Comment 4 Luke Kenneth Casson Leighton 2019-04-26 22:04:30 BST
(In reply to Luke Kenneth Casson Leighton from comment #1)
> comment from jacob (to be discussed to create separate milestones):
> 
> particular,  I'm planning on having the div pipeline also handle integer
> div/mod and having the main pipeline handle integer multiplication and
> probably additional operations.

bear in mind in an OoO (parallel) design, keeping the units separate allows
the developer to decide *how many* of each ALU type shall be deployed, and then
to pass in a part-encoded instruction which tells the pipeline what action
to take.

i would greatly prefer there not to be massive code-duplication between
the single-core barrel processor and the multi-core OoO one because the
pipelines designed for one cannot be used in the other!

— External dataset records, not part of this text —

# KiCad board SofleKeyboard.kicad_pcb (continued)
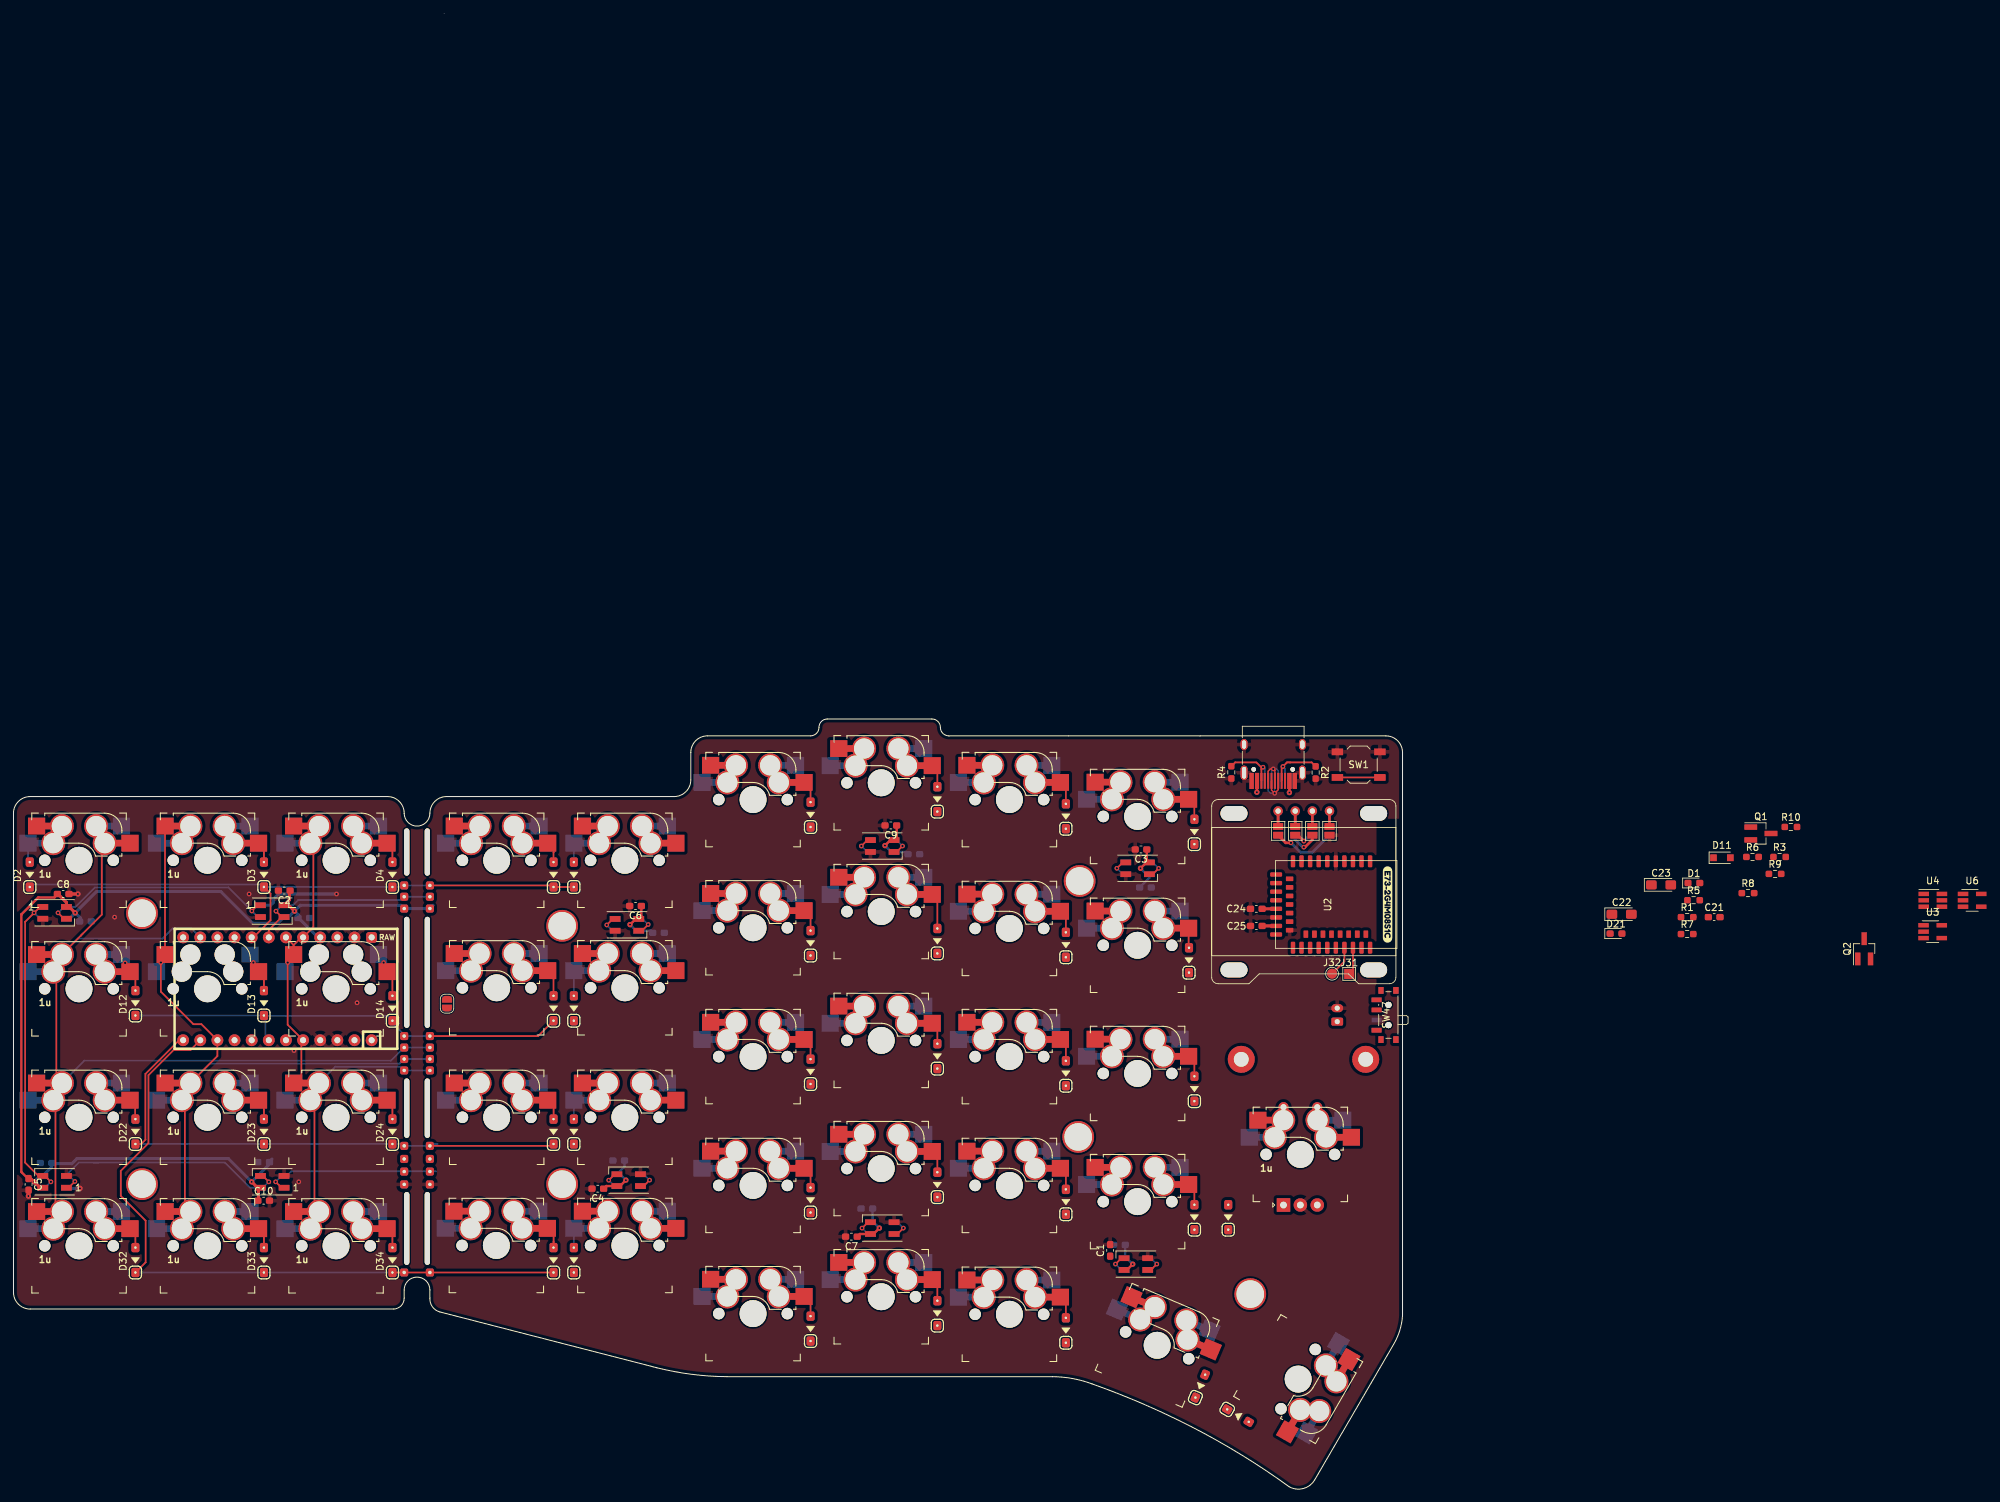
[diagram p0: board, top side]
## Placement (name value [footprint] x y rotation side) (continued)
U4  USBLC6-2SC6  [SOT-23-6_Handsoldering]  284.5 87.2 0 top
U6  TP4054  [SOT-23-5_HandSoldering]  290.33 87.2 0 top

## Library data of the parts
C1-C21 = -: Description: Unpolarized capacitor, small symbol
C22 C23 = -: Description: Polarized capacitor, small US symbol
C24 C25 = -: Description: Unpolarized capacitor
D1 D21 = -: Description: Light emitting diode; LCSC: C375446; LCSC Part Number: C375446
D11 = -: Description: Schottky diode, small symbol
J2 J5 = -: Description: USB 2.0-only Type-C Receptacle connector
J3 = -: Description: Generic connector, single row, 01x04, script generated (kicad-library-utils/schlib/autogen/connector/)
J4 = -: Description: Generic connector, single row, 01x02, script generated (kicad-library-utils/schlib/autogen/connector/)
J6-J29 J31 J32 = -: Description: Generic connector, single row, 01x01, script generated (kicad-library-utils/schlib/autogen/connector/)
JP1-JP10 = -: Description: Solder Jumper, 2-pole, open
Q1 Q2 = -: Description: P-MOSFET transistor, gate/source/drain
R1 R3 R6-R10 = -: Description: Resistor, small symbol
R5 = -: Description: Resistor, small symbol; LCSC: C21190; LCSC Part Number: C21190
SW1 = -: Description: Push button switch, generic, two pins
SW47 SW48 = -: Description: Momentary Switch, single pole double throw
U1 = -: Field4: U1; Field5: ProMicro
U3 = -: Description: 500mA low dropout linear regulator, fixed 3.3V output, SOT-23-5
U4 = -: Description: Very low capacitance ESD protection diode, 2 data-line, SOT-23-6
U6 = -: Description: Single cell, Li-Ion/Li-Po charge management controller, 4.35V, Tri-State Status Output, in SOT23-5 package

## Footprints (pads in the part's own frame, mm; a bottom-side part is the same pattern mirrored in y, then rotated)
128x64OLED
  oval 4x2.2 hole 4x2.2 unplated: (-10.35,11.6) (-10.35,-11.6) (10.35,11.6) (10.35,-11.6)
  round 1.4 hole 0.8: 1(-3.81,11.95) 2(-1.27,11.95) 3(1.27,11.95) 4(3.81,11.95)
C_0603_1608Metric_Pad1.08x0.95mm_HandSolder
  rrect 1.075x0.95 smd: 1(-0.863,0) 2(0.863,0)
Conn_01x01
  rrect 1.2x1.2 hole 0.5: 1(0,0)
CP_EIA-3216-12_Kemet-S_Pad1.58x1.35mm_HandSolder
  rrect 1.575x1.35 smd: 1(-1.438,0) 2(1.438,0)
Cut_hole
  oval 0.762x16.45 hole 0.762x16.45 unplated: (0,-0.85)
Cut_hole#2
  oval 0.762x8.8 hole 0.762x8.8 unplated: (0,0)
Cut_hole#3
  oval 0.762x7 hole 0.762x7 unplated: (0,0)
Cut_hole#4
  oval 0.762x10.8 hole 0.762x10.8 unplated: (0,0)
D_SOD-323_HandSoldering
  rect 1x1 smd: 1(-1.25,0) 2(1.25,0)
Diode
  rrect 1.39x1.2 hole 0.35: 1(1.693,0) 2(-1.997,0)
E73-2G4M08S1C
  rrect 1.77x0.65 smd: 1(-6.401,14.03) 2(-6.401,12.76) 3(-6.401,11.49) 4(-6.401,10.22) 5(-6.401,8.95) 6(-6.401,7.68) 7(-6.401,6.41) 8(-6.401,5.14) 9(-6.401,3.87) 10(-6.401,2.6) 26(6.401,2.6) 27(6.401,3.87) 29(6.401,5.14) 31(6.401,6.41) 33(6.401,7.68) 35(6.401,8.95) 37(6.401,10.22) 39(6.401,11.49) 41(6.401,12.76) 43(6.401,14.03)
  rrect 0.65x1.77 smd: 11(-4.44,0.102) 13(-3.17,0.102) 15(-1.9,0.102) 17(-0.63,0.102) 19(0.64,0.102) 21(1.91,0.102) 23(3.18,0.102) 25(4.45,0.102)
  rrect 0.7x1.1 smd: 12(-3.81,2.1) 14(-2.54,2.1) 16(-1.27,2.1) 18(0,2.1) 20(1.27,2.1) 22(2.54,2.1) 24(3.81,2.1)
  rrect 1.1x0.7 smd: 28(4.4,4.505) 30(4.4,5.775) 32(4.4,7.045) 34(4.4,8.315) 36(4.4,9.585) 38(4.4,10.855) 40(4.4,12.125) 42(4.4,13.395)
Econder
  rect 2x2 hole 1: A(-2.5,-7.5)
  round 2 hole 1: B(2.5,-7.5) C(0,-7.5)
  round 1.5 hole 0.9: S1(-2.5,7) S2(2.5,7)
HOLE_M2_TH
  round 4.7 hole 4.1: (0,0)
JST_PH_S2B-PH-K_1x02_P2.00mm_Horizontal
  rrect 1.2x1.75 hole 0.75: 1(0,0)
  oval 1.2x1.75 hole 0.75: 2(2,0)
LED_0603_1608Metric_Pad1.05x0.95mm_HandSolder
  rrect 1.05x0.95 smd: 1(-0.875,0) 2(0.875,0)
M2_HOLE_PCB
  round 4 hole 2.2: (0,0)
PRO-MICRO
  round 1.753 hole 0.9: B1(7.62,-6.35) B2(7.62,-11.43) B3(7.62,-8.89) B4(-7.62,-11.43) B5(-7.62,-13.97) B6(7.62,-13.97) C6(-7.62,-3.81) D0(-7.62,1.27) D1(-7.62,3.81) D2(-7.62,11.43) D3(-7.62,13.97) D4(-7.62,-1.27) D7(-7.62,-6.35) E6(-7.62,-8.89) F4(7.62,3.81) F5(7.62,1.27) F6(7.62,-1.27) F7(7.62,-3.81) GND(-7.62,6.35) GND(-7.62,8.89) GND(7.62,11.43) RST(7.62,8.89) VCC(7.62,6.35)
  rrect 1.6x1.6 hole 0.9: RAW(7.62,13.97)
R_0603_1608Metric_Pad0.98x0.95mm_HandSolder
  rrect 0.975x0.95 smd: 1(-0.912,0) 2(0.912,0)
SK6812MINI-FLIP
  rect 1.6x0.85 smd: +(1.75,0.875) -(-1.75,-0.875) I(1.75,-0.875) O(-1.75,0.875)
  rect 1.6x0.85 smd far side: +(1.75,-0.875) -(-1.75,0.875) I(1.75,0.875) O(-1.75,-0.875)
SolderJumper-2_P1.3mm_Open_Pad1.0x1.5mm
  rect 1x1.5 smd: 1(-0.65,0) 2(0.65,0)
SolderJumper-2_P1.3mm_Open_RoundedPad1.0x1.5mm
  custom 1x1.5 smd: 1(-0.65,0) 2(0.65,0)
SOT-23-5_HandSoldering
  rect 1.56x0.65 smd: 1(-1.35,0.95) 2(-1.35,0) 3(-1.35,-0.95) 4(1.35,-0.95) 5(1.35,0.95)
SOT-23-6_Handsoldering
  rect 1.56x0.65 smd: 1(-1.35,0.95) 2(-1.35,0) 3(-1.35,-0.95) 4(1.35,-0.95) 5(1.35,0) 6(1.35,0.95)
SOT-23_Handsoldering
  rect 1.9x0.8 smd: 1(-1.5,0.95) 2(-1.5,-0.95) 3(1.5,0)
SW-HS-Flip-1u
  round 1.702 hole 1.702 unplated: (-5.08,0) (5.08,0)
  round 3 hole 3 unplated: (-3.81,2.54) (-2.54,5.08) (2.54,5.08) (3.81,2.54)
  round 3.988 hole 3.988 unplated: (0,0)
  rect 2.55x2.5 smd far side: 1(-7.56,2.54)
  rect 2.55x2.5 smd: 1(-6.29,5.08) 2(7.56,2.54)
  rect 2.55x2.35 smd far side: 2(6.29,5.08)
SW-HS-Flip-1u#2
  round 1.702 hole 1.702 unplated: (-5.08,0) (5.08,0)
  round 3 hole 3 unplated: (-3.81,2.54) (-2.54,5.08) (2.54,5.08) (3.81,2.54)
  round 3.988 hole 3.988 unplated: (0,0)
  rect 2.55x2.5 smd far side: 1(-7.56,2.54) 2(6.29,5.08)
  rect 2.55x2.5 smd: 1(-6.29,5.08) 2(7.56,2.54)
SW-HS_flip-1u
  round 1.702 hole 1.702 unplated: (-5.08,0)
  round 3.988 hole 3.988 unplated: (0,0)
  round 1.7 hole 1.7 unplated: (5.08,0)
  rect 2.55x2.5 smd far side: 1(-7.56,2.54) 2(6.29,5.08)
  rect 2.55x2.5 smd: 1(-6.29,5.08) 2(7.56,2.54)
  rect 2.5x1 smd far side: 1(-5.715,2.54) 2(5.015,5.08)
  rect 2.5x1 smd: 1(-5.015,5.08) 2(5.715,2.54)
  round 3.55 hole 3: 1(-3.81,2.54) 1(-2.54,5.08) 2(2.54,5.08) 2(3.81,2.54)
SW_SPDT_PCM12
  rect 1x0.8 smd: (-3.65,0.78) (-3.65,-1.43) (3.65,0.78) (3.65,-1.43)
  round 0.9 hole 0.9 unplated: (-1.5,-0.33) (1.5,-0.33)
  rect 0.7x1.5 smd: 1(-2.25,1.43) 2(0.75,1.43) 3(2.25,1.43)
SW_SPST_TL3342
  rect 1.7x1 smd: 1(-3.15,1.9) 1(3.15,1.9) 2(-3.15,-1.9) 2(3.15,-1.9)
TestPoint_Pad_1.5x1.5mm
  rect 1.5x1.5 smd: 1(0,0)
TestPoint_Pad_D1.5mm
  round 1.5 smd: 1(0,0)
USB-C-16pin-hight-v2
  round 0.65 hole 0.65 unplated: (-2.89,-2.605) (2.89,-2.605)
  rect 0.6x2.363 smd: A1(3.2,-4.318) A4(2.4,-4.318) A9(-2.4,-4.318) A12(-3.2,-4.318) B1(-3.2,-4.318) B4(-2.4,-4.318) B9(2.4,-4.318) B12(3.2,-4.318)
  rect 0.3x2.366 smd: A5(1.25,-4.31) A6(0.25,-4.31) A7(-0.25,-4.31) A8(-1.25,-4.31) B5(-1.75,-4.31) B6(-0.75,-4.31) B7(0.75,-4.31)
  rect 0.305x2.366 smd: B8(1.75,-4.31)
  oval 1x1.6 hole 0.6x1.2: S1(-4.32,1.075) S1(4.32,1.075)
  oval 1x2.1 hole 0.6x1.7: S1(-4.32,-3.105) S1(4.32,-3.105)

## Nets
+3.3V: Q2.3
+3V3: C1.1 C2.1 C3.1 C4.1 C5.1 C6.1 C7.1 C8.1 C9.1 C10.1 C11.1 C12.1 C13.1 C14.1 C15.1 C16.1 C17.1 C18.1 C19.1 C20.1 J24.1 J25.1 J26.1 J27.1 LED1.+ LED2.+ LED3.+ LED4.+ LED5.+ LED6.+ LED7.+ LED8.+ LED9.+ LED10.+ U1.VCC
+5V: D11.2 D21.2 J2.A4 J2.A9 J2.B4 J2.B9 J5.A4 J5.A9 J5.B4 J5.B9 Q1.1 R8.1 U2.27 U4.5 U6.4
GND: C1.2 C2.2 C3.2 C4.2 C5.2 C6.2 C7.2 C8.2 C9.2 C10.2 C11.2 C12.2 C13.2 C14.2 C15.2 C16.2 C17.2 C18.2 C19.2 C20.2 C21.2 C22.2 C23.2 C24.2 C25.2 J2.A1 J2.A12 J2.B1 J2.B12 J2.S1 J4.2 J5.A1 J5.A12 J5.B1 J5.B12 J5.S1 J16.1 J17.1 JP1.1 JP8.1 LED1.- LED2.- LED3.- LED4.- LED5.- LED6.- LED7.- LED8.- LED9.- LED10.- R2.2 R4.1 R5.1 R6.2 R7.2 R8.2 R10.2 SW1.1 SW31.C U1.GND U2.5 U2.21 U2.24 U3.2 U4.2 U6.2
VBAT: Q1.3 R1.1 SW47.2 SW48.2 U6.3
3.3_TOP: JP2.1 JP7.1
BATTERY_PIN: C21.1 R3.2 R7.1
col0: SW5.1 SW15.1 SW25.1 SW36.1 SW42.1
col1: SW6.2 SW16.2 SW26.2 SW37.2 SW43.1
col1': J18.1 J19.1 SW2.2 SW12.1 SW22.1 SW33.1 U1.B2
col2: SW7.1 SW17.1 SW27.1 SW38.1 SW44.1
col2': J20.1 J21.1 SW3.1 SW13.1 SW23.1 SW34.1 U1.E6
col3: SW8.1 SW18.1 SW28.1 SW39.1 SW45.1
col3': J22.1 J23.1 SW4.1 SW14.1 SW24.1 SW35.1 U1.D1 U1.F4 U1.F5
col4: SW9.1 SW19.1 SW29.1 SW40.1 SW46.1
D+: U2.31 U4.3
D-: U2.29 U4.1
DP+: J2.A6 J2.B6 J5.A6 J5.B6 U4.4
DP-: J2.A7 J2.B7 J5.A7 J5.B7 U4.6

would it be ok to design the ALUs to have the *option* to cover multiple
functions, by way of being constructed from an API-selectable *range*
of available pipelineable (and FSM-based) units?

the reason that i ask is because, if you look at Mitch Alsup's 2nd book
chapter, you will see a detailed assessment of how to design a suite of
pipelines based on performance requirements that go so far as to analyse
the application requirements from a statistical analysis perspective...

... and then *specifically* target the design of the pipeline suite *and*
the register file port count to that *specific* analysis.

if the pipeline is specifically *hard-coded* to *require* that it handle
integer and DIV, that type of analysis and specific design targetting is
no longer possible.
Comment 5 Luke Kenneth Casson Leighton 2019-07-26 22:39:22 BST
(In reply to Luke Kenneth Casson Leighton from comment #1)

> particular,  I'm planning on having the div pipeline also handle integer
> div/mod and having the main pipeline handle integer multiplication and
> probably additional operations.

Yep got it, raised separate milestones.

ctx.op can be used to select operations, and the information about the capabilities at each Reservation Station need to be hard-coded into the Dependency Matrices.

If there are no free RSs in which the operands (and operator) can be stored, it is absolutely essential that further instruction issue be frozen, locked up solid, until an RS becomes free.

It is therefore pretty essential that we get the balance right, provide enough ALUs behind RSs with each ALU being able to handle the right mix of operations.

That said we cannot go overboard either, hence why I really like the idea of sharing the INT MUL/ADD/DIV and having bypass capability on the early and late stages of FP. issue #116
Comment 6 Jacob Lifshay 2020-09-21 16:53:57 BST
sort blocks list
Comment 7 Jacob Lifshay 2020-09-21 21:24:01 BST
change back to original MoU amount
Comment 8 Luke Kenneth Casson Leighton 2022-07-17 14:11:27 BST
received authorisation from Michiel that the MoU is updated to EUR 15525
for this Milestone.  total budget is still EUR 50,000.